All water and safety gear provided.

Give me a call.


----------



## jaster (Oct 7, 2007)

I wish you the best in finding someone Mark. I looked for months and it ended up costing me a good bit more than that!


----------



## The Hired Hand (Jun 27, 2016)

I know. Just looking for a start up kid. That extra hand when I need it. If they are that expensive and looking for work they should have their own business. Help Hold Carry. This old man is just about wore out trying to do it all.


----------



## jaster (Oct 7, 2007)

I know what you mean! I went through 5, yes 5 fresh out of school Teens this last year.

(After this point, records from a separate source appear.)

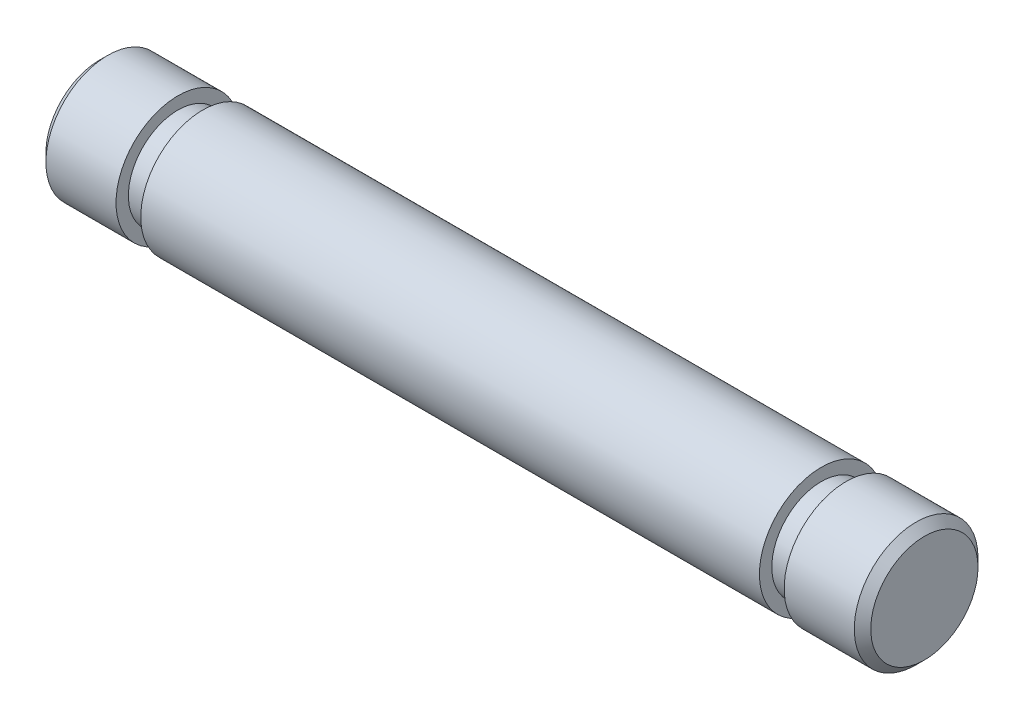
ISO-10303-21;
HEADER;
FILE_DESCRIPTION(('STEP AP214'),'2;1');
FILE_NAME('part.step','',(''),(''),'','','');
FILE_SCHEMA(('AUTOMOTIVE_DESIGN { 1 0 10303 214 1 1 1 1 }'));
ENDSEC;
DATA;
#1=APPLICATION_CONTEXT('core data for automotive mechanical design processes');
#2=APPLICATION_PROTOCOL_DEFINITION('international standard','automotive_design',2000,#1);
#3=PRODUCT_CONTEXT('',#1,'mechanical');
#4=PRODUCT('Part','Part','',(#3));
#5=PRODUCT_RELATED_PRODUCT_CATEGORY('part','',(#4));
#6=PRODUCT_DEFINITION_FORMATION('','',#4);
#7=PRODUCT_DEFINITION_CONTEXT('part definition',#1,'design');
#8=PRODUCT_DEFINITION('design','',#6,#7);
#9=PRODUCT_DEFINITION_SHAPE('','',#8);
#10=(LENGTH_UNIT() NAMED_UNIT(*) SI_UNIT(.MILLI.,.METRE.));
#11=(NAMED_UNIT(*) PLANE_ANGLE_UNIT() SI_UNIT($,.RADIAN.));
#12=(NAMED_UNIT(*) SI_UNIT($,.STERADIAN.) SOLID_ANGLE_UNIT());
#13=UNCERTAINTY_MEASURE_WITH_UNIT(LENGTH_MEASURE(1.E-05),#10,'distance_accuracy_value','');
#14=(GEOMETRIC_REPRESENTATION_CONTEXT(3) GLOBAL_UNCERTAINTY_ASSIGNED_CONTEXT((#13)) GLOBAL_UNIT_ASSIGNED_CONTEXT((#10,
#11,#12)) REPRESENTATION_CONTEXT('',''));
#15=CARTESIAN_POINT('',(0.,0.,0.));
#16=DIRECTION('',(0.,0.,1.));
#17=DIRECTION('',(1.,0.,0.));
#18=AXIS2_PLACEMENT_3D('',#15,#16,#17);
#19=CARTESIAN_POINT('',(10.,0.,0.));
#20=DIRECTION('',(-1.,0.,0.));
#21=DIRECTION('',(0.,0.,1.));
#22=AXIS2_PLACEMENT_3D('',#19,#20,#21);
#23=CYLINDRICAL_SURFACE('',#22,1.5);
#24=CARTESIAN_POINT('',(-9.8,0.,0.));
#25=DIRECTION('',(1.,0.,0.));
#26=DIRECTION('',(0.,0.,-1.));
#27=AXIS2_PLACEMENT_3D('',#24,#25,#26);
#28=CIRCLE('',#27,1.5);
#29=CARTESIAN_POINT('',(-9.8,0.,-1.5));
#30=VERTEX_POINT('',#29);
#31=EDGE_CURVE('E41',#30,#30,#28,.T.);
#32=ORIENTED_EDGE('',*,*,#31,.T.);
#33=EDGE_LOOP('',(#32));
#34=FACE_BOUND('',#33,.T.);
#35=CARTESIAN_POINT('',(-8.1,0.,0.));
#36=DIRECTION('',(1.,0.,0.));
#37=DIRECTION('',(0.,0.,-1.));
#38=AXIS2_PLACEMENT_3D('',#35,#36,#37);
#39=CIRCLE('',#38,1.5);
#40=CARTESIAN_POINT('',(-8.1,0.,-1.5));
#41=VERTEX_POINT('',#40);
#42=EDGE_CURVE('E54',#41,#41,#39,.T.);
#43=ORIENTED_EDGE('',*,*,#42,.F.);
#44=EDGE_LOOP('',(#43));
#45=FACE_BOUND('',#44,.T.);
#46=ADVANCED_FACE('F33',(#34,#45),#23,.T.);
#47=CARTESIAN_POINT('',(-10.,0.,0.));
#48=DIRECTION('',(1.,0.,0.));
#49=DIRECTION('',(0.,0.,-1.));
#50=AXIS2_PLACEMENT_3D('',#47,#48,#49);
#51=PLANE('',#50);
#52=CARTESIAN_POINT('',(-10.,0.,0.));
#53=DIRECTION('',(1.,0.,0.));
#54=DIRECTION('',(0.,0.,-1.));
#55=AXIS2_PLACEMENT_3D('',#52,#53,#54);
#56=CIRCLE('',#55,1.3);
#57=CARTESIAN_POINT('',(-10.,0.,-1.3));
#58=VERTEX_POINT('',#57);
#59=EDGE_CURVE('E10',#58,#58,#56,.F.);
#60=ORIENTED_EDGE('',*,*,#59,.T.);
#61=EDGE_LOOP('',(#60));
#62=FACE_BOUND('',#61,.T.);
#63=ADVANCED_FACE('F100',(#62),#51,.F.);
#64=CARTESIAN_POINT('',(-8.1,0.,0.));
#65=DIRECTION('',(1.,0.,0.));
#66=DIRECTION('',(0.,0.,-1.));
#67=AXIS2_PLACEMENT_3D('',#64,#65,#66);
#68=PLANE('',#67);
#69=CARTESIAN_POINT('',(-8.1,0.,0.));
#70=DIRECTION('',(1.,0.,0.));
#71=DIRECTION('',(0.,0.,-1.));
#72=AXIS2_PLACEMENT_3D('',#69,#70,#71);
#73=CIRCLE('',#72,1.2);
#74=CARTESIAN_POINT('',(-8.1,0.,-1.2));
#75=VERTEX_POINT('',#74);
#76=EDGE_CURVE('E58',#75,#75,#73,.T.);
#77=ORIENTED_EDGE('',*,*,#76,.F.);
#78=EDGE_LOOP('',(#77));
#79=FACE_BOUND('',#78,.T.);
#80=ORIENTED_EDGE('',*,*,#42,.T.);
#81=EDGE_LOOP('',(#80));
#82=FACE_BOUND('',#81,.T.);
#83=ADVANCED_FACE('F106',(#79,#82),#68,.T.);
#84=CARTESIAN_POINT('',(-7.5,0.,0.));
#85=DIRECTION('',(1.,0.,0.));
#86=DIRECTION('',(0.,0.,-1.));
#87=AXIS2_PLACEMENT_3D('',#84,#85,#86);
#88=PLANE('',#87);
#89=CARTESIAN_POINT('',(-7.5,0.,0.));
#90=DIRECTION('',(1.,0.,0.));
#91=DIRECTION('',(0.,0.,-1.));
#92=AXIS2_PLACEMENT_3D('',#89,#90,#91);
#93=CIRCLE('',#92,1.2);
#94=CARTESIAN_POINT('',(-7.5,0.,-1.2));
#95=VERTEX_POINT('',#94);
#96=EDGE_CURVE('E61',#95,#95,#93,.T.);
#97=ORIENTED_EDGE('',*,*,#96,.T.);
#98=EDGE_LOOP('',(#97));
#99=FACE_BOUND('',#98,.T.);
#100=CARTESIAN_POINT('',(-7.5,0.,0.));
#101=DIRECTION('',(1.,0.,0.));
#102=DIRECTION('',(0.,0.,-1.));
#103=AXIS2_PLACEMENT_3D('',#100,#101,#102);
#104=CIRCLE('',#103,1.5);
#105=CARTESIAN_POINT('',(-7.5,0.,-1.5));
#106=VERTEX_POINT('',#105);
#107=EDGE_CURVE('E55',#106,#106,#104,.T.);
#108=ORIENTED_EDGE('',*,*,#107,.F.);
#109=EDGE_LOOP('',(#108));
#110=FACE_BOUND('',#109,.T.);
#111=ADVANCED_FACE('F130',(#99,#110),#88,.F.);
#112=CARTESIAN_POINT('',(-8.1,0.,0.));
#113=DIRECTION('',(1.,0.,0.));
#114=DIRECTION('',(0.,0.,-1.));
#115=AXIS2_PLACEMENT_3D('',#112,#113,#114);
#116=CYLINDRICAL_SURFACE('',#115,1.2);
#117=ORIENTED_EDGE('',*,*,#76,.T.);
#118=EDGE_LOOP('',(#117));
#119=FACE_BOUND('',#118,.T.);
#120=ORIENTED_EDGE('',*,*,#96,.F.);
#121=EDGE_LOOP('',(#120));
#122=FACE_BOUND('',#121,.T.);
#123=ADVANCED_FACE('F110',(#119,#122),#116,.T.);
#124=CARTESIAN_POINT('',(7.5,0.,0.));
#125=DIRECTION('',(1.,0.,0.));
#126=DIRECTION('',(0.,0.,-1.));
#127=AXIS2_PLACEMENT_3D('',#124,#125,#126);
#128=CIRCLE('',#127,1.5);
#129=CARTESIAN_POINT('',(7.5,0.,-1.5));
#130=VERTEX_POINT('',#129);
#131=EDGE_CURVE('E67',#130,#130,#128,.T.);
#132=ORIENTED_EDGE('',*,*,#131,.F.);
#133=EDGE_LOOP('',(#132));
#134=FACE_BOUND('',#133,.T.);
#135=ORIENTED_EDGE('',*,*,#107,.T.);
#136=EDGE_LOOP('',(#135));
#137=FACE_BOUND('',#136,.T.);
#138=ADVANCED_FACE('F95',(#134,#137),#23,.T.);
#139=CARTESIAN_POINT('',(8.1,0.,0.));
#140=DIRECTION('',(-1.,0.,0.));
#141=DIRECTION('',(0.,0.,-1.));
#142=AXIS2_PLACEMENT_3D('',#139,#140,#141);
#143=PLANE('',#142);
#144=CARTESIAN_POINT('',(8.1,0.,0.));
#145=DIRECTION('',(1.,0.,0.));
#146=DIRECTION('',(0.,0.,-1.));
#147=AXIS2_PLACEMENT_3D('',#144,#145,#146);
#148=CIRCLE('',#147,1.5);
#149=CARTESIAN_POINT('',(8.1,0.,-1.5));
#150=VERTEX_POINT('',#149);
#151=EDGE_CURVE('E64',#150,#150,#148,.T.);
#152=ORIENTED_EDGE('',*,*,#151,.F.);
#153=EDGE_LOOP('',(#152));
#154=FACE_BOUND('',#153,.T.);
#155=CARTESIAN_POINT('',(8.1,0.,0.));
#156=DIRECTION('',(1.,0.,0.));
#157=DIRECTION('',(0.,0.,-1.));
#158=AXIS2_PLACEMENT_3D('',#155,#156,#157);
#159=CIRCLE('',#158,1.2);
#160=CARTESIAN_POINT('',(8.1,0.,-1.2));
#161=VERTEX_POINT('',#160);
#162=EDGE_CURVE('E70',#161,#161,#159,.T.);
#163=ORIENTED_EDGE('',*,*,#162,.T.);
#164=EDGE_LOOP('',(#163));
#165=FACE_BOUND('',#164,.T.);
#166=ADVANCED_FACE('F79',(#154,#165),#143,.T.);
#167=CARTESIAN_POINT('',(7.5,0.,0.));
#168=DIRECTION('',(-1.,0.,0.));
#169=DIRECTION('',(0.,0.,-1.));
#170=AXIS2_PLACEMENT_3D('',#167,#168,#169);
#171=PLANE('',#170);
#172=ORIENTED_EDGE('',*,*,#131,.T.);
#173=EDGE_LOOP('',(#172));
#174=FACE_BOUND('',#173,.T.);
#175=CARTESIAN_POINT('',(7.5,0.,0.));
#176=DIRECTION('',(1.,0.,0.));
#177=DIRECTION('',(0.,0.,-1.));
#178=AXIS2_PLACEMENT_3D('',#175,#176,#177);
#179=CIRCLE('',#178,1.2);
#180=CARTESIAN_POINT('',(7.5,0.,-1.2));
#181=VERTEX_POINT('',#180);
#182=EDGE_CURVE('E73',#181,#181,#179,.T.);
#183=ORIENTED_EDGE('',*,*,#182,.F.);
#184=EDGE_LOOP('',(#183));
#185=FACE_BOUND('',#184,.T.);
#186=ADVANCED_FACE('F85',(#174,#185),#171,.F.);
#187=CARTESIAN_POINT('',(8.1,0.,0.));
#188=DIRECTION('',(-1.,0.,0.));
#189=DIRECTION('',(0.,0.,1.));
#190=AXIS2_PLACEMENT_3D('',#187,#188,#189);
#191=CYLINDRICAL_SURFACE('',#190,1.2);
#192=ORIENTED_EDGE('',*,*,#162,.F.);
#193=EDGE_LOOP('',(#192));
#194=FACE_BOUND('',#193,.T.);
#195=ORIENTED_EDGE('',*,*,#182,.T.);
#196=EDGE_LOOP('',(#195));
#197=FACE_BOUND('',#196,.T.);
#198=ADVANCED_FACE('F81',(#194,#197),#191,.T.);
#199=CARTESIAN_POINT('',(10.,0.,0.));
#200=DIRECTION('',(1.,0.,0.));
#201=DIRECTION('',(0.,0.,-1.));
#202=AXIS2_PLACEMENT_3D('',#199,#200,#201);
#203=PLANE('',#202);
#204=CARTESIAN_POINT('',(10.,0.,0.));
#205=DIRECTION('',(1.,0.,0.));
#206=DIRECTION('',(0.,0.,-1.));
#207=AXIS2_PLACEMENT_3D('',#204,#205,#206);
#208=CIRCLE('',#207,1.30000000000001);
#209=CARTESIAN_POINT('',(10.,0.,-1.30000000000001));
#210=VERTEX_POINT('',#209);
#211=EDGE_CURVE('E49',#210,#210,#208,.T.);
#212=ORIENTED_EDGE('',*,*,#211,.T.);
#213=EDGE_LOOP('',(#212));
#214=FACE_BOUND('',#213,.T.);
#215=ADVANCED_FACE('F84',(#214),#203,.T.);
#216=CARTESIAN_POINT('',(9.8,0.,0.));
#217=DIRECTION('',(1.,0.,0.));
#218=DIRECTION('',(0.,0.,-1.));
#219=AXIS2_PLACEMENT_3D('',#216,#217,#218);
#220=CIRCLE('',#219,1.5);
#221=CARTESIAN_POINT('',(9.8,0.,-1.5));
#222=VERTEX_POINT('',#221);
#223=EDGE_CURVE('E45',#222,#222,#220,.F.);
#224=ORIENTED_EDGE('',*,*,#223,.T.);
#225=EDGE_LOOP('',(#224));
#226=FACE_BOUND('',#225,.T.);
#227=ORIENTED_EDGE('',*,*,#151,.T.);
#228=EDGE_LOOP('',(#227));
#229=FACE_BOUND('',#228,.T.);
#230=ADVANCED_FACE('F102',(#226,#229),#23,.T.);
#231=CARTESIAN_POINT('',(10.,0.,0.));
#232=DIRECTION('',(-1.,0.,0.));
#233=DIRECTION('',(0.,0.,1.));
#234=AXIS2_PLACEMENT_3D('',#231,#232,#233);
#235=CONICAL_SURFACE('',#234,1.30000000000001,0.785398163397446);
#236=ORIENTED_EDGE('',*,*,#223,.F.);
#237=EDGE_LOOP('',(#236));
#238=FACE_BOUND('',#237,.T.);
#239=ORIENTED_EDGE('',*,*,#211,.F.);
#240=EDGE_LOOP('',(#239));
#241=FACE_BOUND('',#240,.T.);
#242=ADVANCED_FACE('F113',(#238,#241),#235,.T.);
#243=CARTESIAN_POINT('',(-9.8,0.,0.));
#244=DIRECTION('',(1.,0.,0.));
#245=DIRECTION('',(0.,0.,-1.));
#246=AXIS2_PLACEMENT_3D('',#243,#244,#245);
#247=CONICAL_SURFACE('',#246,1.5,0.785398163397446);
#248=ORIENTED_EDGE('',*,*,#59,.F.);
#249=EDGE_LOOP('',(#248));
#250=FACE_BOUND('',#249,.T.);
#251=ORIENTED_EDGE('',*,*,#31,.F.);
#252=EDGE_LOOP('',(#251));
#253=FACE_BOUND('',#252,.T.);
#254=ADVANCED_FACE('F36',(#250,#253),#247,.T.);
#255=CLOSED_SHELL('',(#46,#63,#83,#111,#123,#138,#166,#186,#198,#215,#230,#242,#254));
#256=MANIFOLD_SOLID_BREP('B2',#255);
#257=ADVANCED_BREP_SHAPE_REPRESENTATION('',(#18,#256),#14);
#258=SHAPE_DEFINITION_REPRESENTATION(#9,#257);
ENDSEC;
END-ISO-10303-21;

I would think that right out of school $10 @ hr, just to learn, pay attention, and help was a dnag good start in life? Not to mention, you stick with me a few years and then you have a skill that not many folks do, able to make a living if you need to! Then not show up more or call in more than once, or get caught sitting around often, complain its hot, grrrrrr What the hell is wrong with kids/young adults these days??? Sorry to rant on your post, lol. I will keep my eyes and ears out for you, I finally have a decent crew, thank the Good Lord!


----------



## The Hired Hand (Jun 27, 2016)

Position filled. Had 11 responses. Thank You Guys


----------